#### [WHAT YOU HAVE TO DO]
Copy the entries exactly. Leave nothing out and add nothing.

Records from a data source
····················
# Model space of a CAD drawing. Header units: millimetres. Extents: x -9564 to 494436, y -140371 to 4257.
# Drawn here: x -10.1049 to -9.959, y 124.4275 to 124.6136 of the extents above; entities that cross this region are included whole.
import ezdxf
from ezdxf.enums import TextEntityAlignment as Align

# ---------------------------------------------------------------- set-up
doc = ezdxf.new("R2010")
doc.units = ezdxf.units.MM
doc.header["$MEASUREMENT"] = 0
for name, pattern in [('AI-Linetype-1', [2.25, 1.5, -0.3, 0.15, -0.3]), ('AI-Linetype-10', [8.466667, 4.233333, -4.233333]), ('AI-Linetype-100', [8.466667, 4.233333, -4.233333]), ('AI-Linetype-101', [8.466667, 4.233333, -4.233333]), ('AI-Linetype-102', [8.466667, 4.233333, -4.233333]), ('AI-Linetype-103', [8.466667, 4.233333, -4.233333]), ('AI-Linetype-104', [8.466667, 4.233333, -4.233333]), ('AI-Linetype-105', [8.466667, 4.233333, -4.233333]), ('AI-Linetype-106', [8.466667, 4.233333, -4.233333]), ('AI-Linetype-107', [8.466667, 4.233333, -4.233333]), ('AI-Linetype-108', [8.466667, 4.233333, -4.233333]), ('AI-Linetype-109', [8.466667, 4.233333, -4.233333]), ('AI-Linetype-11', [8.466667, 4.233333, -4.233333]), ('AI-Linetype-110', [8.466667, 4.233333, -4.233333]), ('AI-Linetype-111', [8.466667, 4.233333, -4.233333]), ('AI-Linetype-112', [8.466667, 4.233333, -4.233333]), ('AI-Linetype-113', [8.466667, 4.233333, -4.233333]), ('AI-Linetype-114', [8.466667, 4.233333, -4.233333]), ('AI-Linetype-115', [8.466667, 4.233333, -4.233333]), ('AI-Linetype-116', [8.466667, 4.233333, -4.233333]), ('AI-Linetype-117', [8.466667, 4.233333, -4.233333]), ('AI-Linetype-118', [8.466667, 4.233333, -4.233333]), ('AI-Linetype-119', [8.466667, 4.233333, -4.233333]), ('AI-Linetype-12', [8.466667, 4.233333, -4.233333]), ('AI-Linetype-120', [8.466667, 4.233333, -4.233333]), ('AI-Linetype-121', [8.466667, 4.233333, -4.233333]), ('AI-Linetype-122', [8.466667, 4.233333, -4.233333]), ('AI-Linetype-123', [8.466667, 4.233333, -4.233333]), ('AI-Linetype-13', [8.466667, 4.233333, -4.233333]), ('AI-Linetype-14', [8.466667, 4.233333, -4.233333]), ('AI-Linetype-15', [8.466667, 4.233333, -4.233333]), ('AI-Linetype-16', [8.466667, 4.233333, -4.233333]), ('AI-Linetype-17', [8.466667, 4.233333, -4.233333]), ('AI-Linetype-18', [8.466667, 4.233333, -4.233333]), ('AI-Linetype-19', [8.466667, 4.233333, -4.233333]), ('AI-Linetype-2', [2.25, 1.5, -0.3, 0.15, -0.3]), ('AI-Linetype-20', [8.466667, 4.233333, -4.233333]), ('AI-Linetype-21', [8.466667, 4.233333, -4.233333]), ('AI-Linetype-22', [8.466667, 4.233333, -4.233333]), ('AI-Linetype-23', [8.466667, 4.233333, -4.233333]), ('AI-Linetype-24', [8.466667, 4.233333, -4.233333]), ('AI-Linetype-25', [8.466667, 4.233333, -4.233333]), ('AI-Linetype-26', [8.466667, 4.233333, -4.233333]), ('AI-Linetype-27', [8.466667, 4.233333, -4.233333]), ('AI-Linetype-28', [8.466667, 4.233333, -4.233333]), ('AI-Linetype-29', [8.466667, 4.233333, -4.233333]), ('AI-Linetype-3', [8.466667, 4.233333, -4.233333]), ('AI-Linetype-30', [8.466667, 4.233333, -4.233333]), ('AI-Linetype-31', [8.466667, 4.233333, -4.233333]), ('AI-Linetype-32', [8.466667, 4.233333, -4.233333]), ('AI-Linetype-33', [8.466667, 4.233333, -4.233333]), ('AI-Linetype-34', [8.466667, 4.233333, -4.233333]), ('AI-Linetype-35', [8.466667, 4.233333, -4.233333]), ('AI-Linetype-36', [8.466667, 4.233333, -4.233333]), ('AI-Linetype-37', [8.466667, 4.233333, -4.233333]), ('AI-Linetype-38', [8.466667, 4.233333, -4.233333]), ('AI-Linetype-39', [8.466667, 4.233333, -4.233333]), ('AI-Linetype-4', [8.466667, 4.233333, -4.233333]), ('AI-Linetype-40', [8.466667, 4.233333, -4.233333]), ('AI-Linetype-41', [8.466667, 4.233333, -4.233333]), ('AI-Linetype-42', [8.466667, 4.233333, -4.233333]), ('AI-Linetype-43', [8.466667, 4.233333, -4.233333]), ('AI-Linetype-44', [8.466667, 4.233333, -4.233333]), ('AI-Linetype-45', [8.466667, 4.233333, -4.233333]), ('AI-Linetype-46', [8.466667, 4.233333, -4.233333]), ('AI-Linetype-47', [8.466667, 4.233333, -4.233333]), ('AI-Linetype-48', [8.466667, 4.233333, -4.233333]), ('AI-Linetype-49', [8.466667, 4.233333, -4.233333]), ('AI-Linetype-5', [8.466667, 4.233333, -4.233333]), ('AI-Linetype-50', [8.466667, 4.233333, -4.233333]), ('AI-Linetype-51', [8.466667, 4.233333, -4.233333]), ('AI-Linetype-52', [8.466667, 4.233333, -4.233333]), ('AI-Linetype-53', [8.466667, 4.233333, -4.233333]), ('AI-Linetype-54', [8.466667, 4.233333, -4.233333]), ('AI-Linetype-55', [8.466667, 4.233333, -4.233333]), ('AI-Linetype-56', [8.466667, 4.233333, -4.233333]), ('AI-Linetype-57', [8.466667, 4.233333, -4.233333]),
····················
#### [WRITTEN ANSWER]
# Model space of a CAD drawing. Header units: millimetres. Extents: x -9564 to 494436, y -140371 to 4257.
# Drawn here: x -10.1049 to -9.959, y 124.4275 to 124.6136 of the extents above; entities that cross this region are included whole.
import ezdxf
from ezdxf.enums import TextEntityAlignment as Align

# ---------------------------------------------------------------- set-up
doc = ezdxf.new("R2010")
doc.units = ezdxf.units.MM
doc.header["$MEASUREMENT"] = 0
for name, pattern in [('AI-Linetype-1', [2.25, 1.5, -0.3, 0.15, -0.3]), ('AI-Linetype-10', [8.466667, 4.233333, -4.233333]), ('AI-Linetype-100', [8.466667, 4.233333, -4.233333]), ('AI-Linetype-101', [8.466667, 4.233333, -4.233333]), ('AI-Linetype-102', [8.466667, 4.233333, -4.233333]), ('AI-Linetype-103', [8.466667, 4.233333, -4.233333]), ('AI-Linetype-104', [8.466667, 4.233333, -4.233333]), ('AI-Linetype-105', [8.466667, 4.233333, -4.233333]), ('AI-Linetype-106', [8.466667, 4.233333, -4.233333]), ('AI-Linetype-107', [8.466667, 4.233333, -4.233333]), ('AI-Linetype-108', [8.466667, 4.233333, -4.233333]), ('AI-Linetype-109', [8.466667, 4.233333, -4.233333]), ('AI-Linetype-11', [8.466667, 4.233333, -4.233333]), ('AI-Linetype-110', [8.466667, 4.233333, -4.233333]), ('AI-Linetype-111', [8.466667, 4.233333, -4.233333]), ('AI-Linetype-112', [8.466667, 4.233333, -4.233333]), ('AI-Linetype-113', [8.466667, 4.233333, -4.233333]), ('AI-Linetype-114', [8.466667, 4.233333, -4.233333]), ('AI-Linetype-115', [8.466667, 4.233333, -4.233333]), ('AI-Linetype-116', [8.466667, 4.233333, -4.233333]), ('AI-Linetype-117', [8.466667, 4.233333, -4.233333]), ('AI-Linetype-118', [8.466667, 4.233333, -4.233333]), ('AI-Linetype-119', [8.466667, 4.233333, -4.233333]), ('AI-Linetype-12', [8.466667, 4.233333, -4.233333]), ('AI-Linetype-120', [8.466667, 4.233333, -4.233333]), ('AI-Linetype-121', [8.466667, 4.233333, -4.233333]), ('AI-Linetype-122', [8.466667, 4.233333, -4.233333]), ('AI-Linetype-123', [8.466667, 4.233333, -4.233333]), ('AI-Linetype-13', [8.466667, 4.233333, -4.233333]), ('AI-Linetype-14', [8.466667, 4.233333, -4.233333]), ('AI-Linetype-15', [8.466667, 4.233333, -4.233333]), ('AI-Linetype-16', [8.466667, 4.233333, -4.233333]), ('AI-Linetype-17', [8.466667, 4.233333, -4.233333]), ('AI-Linetype-18', [8.466667, 4.233333, -4.233333]), ('AI-Linetype-19', [8.466667, 4.233333, -4.233333]), ('AI-Linetype-2', [2.25, 1.5, -0.3, 0.15, -0.3]), ('AI-Linetype-20', [8.466667, 4.233333, -4.233333]), ('AI-Linetype-21', [8.466667, 4.233333, -4.233333]), ('AI-Linetype-22', [8.466667, 4.233333, -4.233333]), ('AI-Linetype-23', [8.466667, 4.233333, -4.233333]), ('AI-Linetype-24', [8.466667, 4.233333, -4.233333]), ('AI-Linetype-25', [8.466667, 4.233333, -4.233333]), ('AI-Linetype-26', [8.466667, 4.233333, -4.233333]), ('AI-Linetype-27', [8.466667, 4.233333, -4.233333]), ('AI-Linetype-28', [8.466667, 4.233333, -4.233333]), ('AI-Linetype-29', [8.466667, 4.233333, -4.233333]), ('AI-Linetype-3', [8.466667, 4.233333, -4.233333]), ('AI-Linetype-30', [8.466667, 4.233333, -4.233333]), ('AI-Linetype-31', [8.466667, 4.233333, -4.233333]), ('AI-Linetype-32', [8.466667, 4.233333, -4.233333]), ('AI-Linetype-33', [8.466667, 4.233333, -4.233333]), ('AI-Linetype-34', [8.466667, 4.233333, -4.233333]), ('AI-Linetype-35', [8.466667, 4.233333, -4.233333]), ('AI-Linetype-36', [8.466667, 4.233333, -4.233333]), ('AI-Linetype-37', [8.466667, 4.233333, -4.233333]), ('AI-Linetype-38', [8.466667, 4.233333, -4.233333]), ('AI-Linetype-39', [8.466667, 4.233333, -4.233333]), ('AI-Linetype-4', [8.466667, 4.233333, -4.233333]), ('AI-Linetype-40', [8.466667, 4.233333, -4.233333]), ('AI-Linetype-41', [8.466667, 4.233333, -4.233333]), ('AI-Linetype-42', [8.466667, 4.233333, -4.233333]), ('AI-Linetype-43', [8.466667, 4.233333, -4.233333]), ('AI-Linetype-44', [8.466667, 4.233333, -4.233333]), ('AI-Linetype-45', [8.466667, 4.233333, -4.233333]), ('AI-Linetype-46', [8.466667, 4.233333, -4.233333]), ('AI-Linetype-47', [8.466667, 4.233333, -4.233333]), ('AI-Linetype-48', [8.466667, 4.233333, -4.233333]), ('AI-Linetype-49', [8.466667, 4.233333, -4.233333]), ('AI-Linetype-5', [8.466667, 4.233333, -4.233333]), ('AI-Linetype-50', [8.466667, 4.233333, -4.233333]), ('AI-Linetype-51', [8.466667, 4.233333, -4.233333]), ('AI-Linetype-52', [8.466667, 4.233333, -4.233333]), ('AI-Linetype-53', [8.466667, 4.233333, -4.233333]), ('AI-Linetype-54', [8.466667, 4.233333, -4.233333]), ('AI-Linetype-55', [8.466667, 4.233333, -4.233333]), ('AI-Linetype-56', [8.466667, 4.233333, -4.233333]), ('AI-Linetype-57', [8.466667, 4.233333, -4.233333]),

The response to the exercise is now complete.